Les types de salaires
La rémunération à l’heure
C’est un système de paiement plus rassurant. C’est-à-dire que vous effectuez un certain nombre d’heures de travail et à la fin de chaque semaine, vous recevez votre salaire en fonction de ces heures. Dans la plupart des cas, votre rémunération sera au niveau du salaire minimum.
Pour comprendre votre salaire, il est essentiel de savoir de quel award vous êtes dépendant. Par exemple, pour les postes en horticulture, les travailleurs sont soumis à la Horticulture Award. L’award peut également être différent si vous changez d’activité, notamment si vous travaillez dans les vendanges par exemple. Dans ce cas, vous dépendez du Wine Award [MA000090]. Pensez à vous informer !
Le paiement au rendement
Depuis plusieurs années, la Fair Work Commission a supprimé la possibilité d’être payé uniquement au rendement. Vous êtes toujours assuré d’un taux minimum, quel que soit votre contrat.
Le rendement permet simplement de gagner davantage si vos performances sont élevées. Un accord écrit et signé par l’employeur et l’employé est obligatoire : car sans preuve écrite, le paiement à l’heure s’applique automatiquement.

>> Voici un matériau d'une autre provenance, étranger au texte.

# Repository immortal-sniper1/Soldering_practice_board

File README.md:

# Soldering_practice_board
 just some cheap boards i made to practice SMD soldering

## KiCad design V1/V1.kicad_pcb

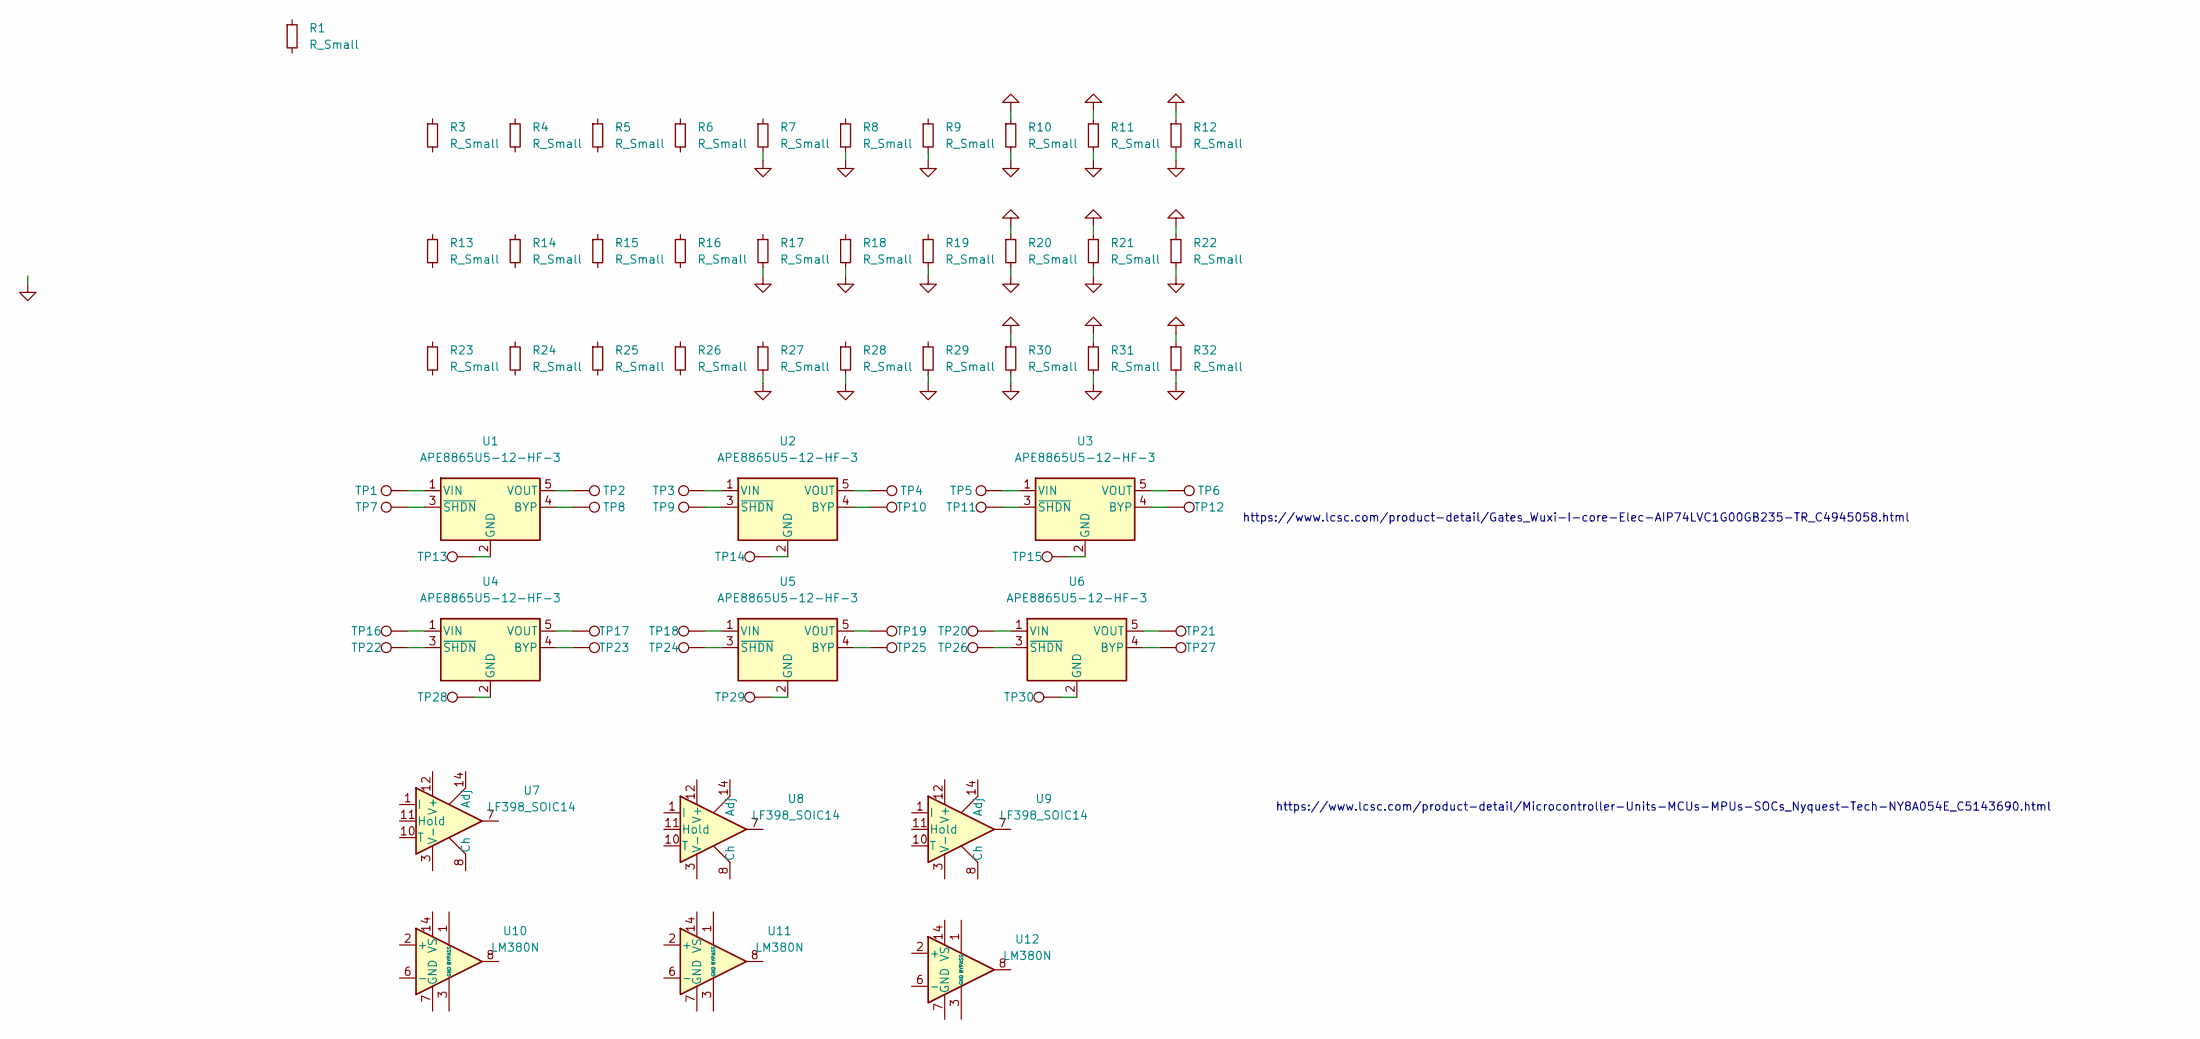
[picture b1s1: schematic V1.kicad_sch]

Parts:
R1: R_Small; 10x10_cm
R3, R4, R5, R6, R7, R8, R9, R10, R11, R12: R_Small; R_0805_2012Metric
R13, R14, R15, R16, R17, R18, R19, R20, R21, R22: R_Small; R_0603_1608Metric
R23, R24, R25, R26, R27, R28, R29, R30, R31, R32: R_Small; R_0402_1005Metric
TP1, TP2, TP3, TP4, TP5, TP6, TP7, TP8, TP9, TP10, TP11, TP12, TP13, TP14, TP15, TP16, TP17, TP18, TP19, TP20, TP21, TP22, TP23, TP24, TP25, TP26, TP27, TP28, TP29, TP30: TestPoint; TestPoint_Keystone_5000-5004_Miniature
U1, U2, U3, U4, U5, U6: APE8865U5-12-HF-3; SOT-353_SC-70-5
U7, U8, U9: LF398_SOIC14; SOIC-14_3.9x8.7mm_P1.27mm
U10, U11, U12: LM380N; DIP-14_W7.62mm

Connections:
GND: R7.2, R8.2, R9.2, R10.1, R10.2, R11.1, R11.2, R12.1, R12.2, R17.2, R18.2, R19.2, R20.1, R20.2, R21.1, R21.2, R22.1, R22.2, R27.2, R28.2, R29.2, R30.1, R30.2, R31.1, R31.2, R32.1, R32.2
unnamed: TP1.1, U1.1 (VIN)
unnamed: TP2.1, U1.5 (VOUT)
unnamed: TP3.1, U2.1 (VIN)
unnamed: TP4.1, U2.5 (VOUT)
unnamed: TP5.1, U3.1 (VIN)
unnamed: TP6.1, U3.5 (VOUT)
unnamed: TP7.1, U1.3 (~SHDN)
unnamed: TP8.1, U1.4 (BYP)
unnamed: TP9.1, U2.3 (~SHDN)
unnamed: TP10.1, U2.4 (BYP)
unnamed: TP11.1, U3.3 (~SHDN)
unnamed: TP12.1, U3.4 (BYP)
unnamed: TP13.1, U1.2 (GND)
unnamed: TP14.1, U2.2 (GND)
unnamed: TP15.1, U3.2 (GND)
unnamed: TP16.1, U4.1 (VIN)
unnamed: TP17.1, U4.5 (VOUT)
unnamed: TP18.1, U5.1 (VIN)
unnamed: TP19.1, U5.5 (VOUT)
unnamed: TP20.1, U6.1 (VIN)
unnamed: TP21.1, U6.5 (VOUT)
unnamed: TP22.1, U4.3 (~SHDN)
unnamed: TP23.1, U4.4 (BYP)
unnamed: TP24.1, U5.3 (~SHDN)
unnamed: TP25.1, U5.4 (BYP)
unnamed: TP26.1, U6.3 (~SHDN)
unnamed: TP27.1, U6.4 (BYP)
unnamed: TP28.1, U4.2 (GND)
unnamed: TP29.1, U5.2 (GND)
unnamed: TP30.1, U6.2 (GND)
unnamed: U10.3 (GND), U10.4 (GND), U10.5 (GND), U10.10 (GND), U10.11 (GND), U10.12 (GND)
unnamed: U11.3 (GND), U11.4 (GND), U11.5 (GND), U11.10 (GND), U11.11 (GND), U11.12 (GND)
unnamed: U12.3 (GND), U12.4 (GND), U12.5 (GND), U12.10 (GND), U12.11 (GND), U12.12 (GND)

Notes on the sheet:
https://www.lcsc.com/product-detail/Gates_Wuxi-I-core-Elec-AIP74LVC1G00GB235-TR_C4945058.html
https://www.lcsc.com/product-detail/Microcontroller-Units-MCUs-MPUs-SOCs_Nyquest-Tech-NY8A054E_C5143690.html

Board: 2 copper layers, 73 parts (0 on the bottom side), 34 nets, no tracks yet.

Pour résumer les types de salaires
Travailleurs « casual » : votre rémunération dépend de la performance, mais elle ne peut pas être inférieure au salaire minimum applicable à un employé à temps plein, soit 31,19 $/h depuis le 1er juillet 2025 pour les personnes âgées de 20 ans et plus. Les travailleurs de 18 et 19 ans bénéficient d’un salaire minimum inférieur.
Il est tout de même important que vous soyez conscient de plusieurs aspects :
- Il est courant de ne pas être très performant lors des premiers jours : les employés expérimentés en fruit picking finissent par acquérir des mouvements rapides et efficaces au fil du temps.
- N’hésitez pas à demander des conseils aux autres ou à consulter votre supérieur pour apprendre à travailler plus efficacement.
- Initialement, ce que vous gagnez risque de se rapprocher du salaire minimum légal, mais plus vos résultats seront bons, plus votre salaire sera susceptible d’augmenter.
Quand serez-vous payé ?
En général, en fruit picking, vous êtes payé à la semaine. En fonction de votre employeur, vous pouvez être payé par virement ou en liquide (les chèques sont plus rares).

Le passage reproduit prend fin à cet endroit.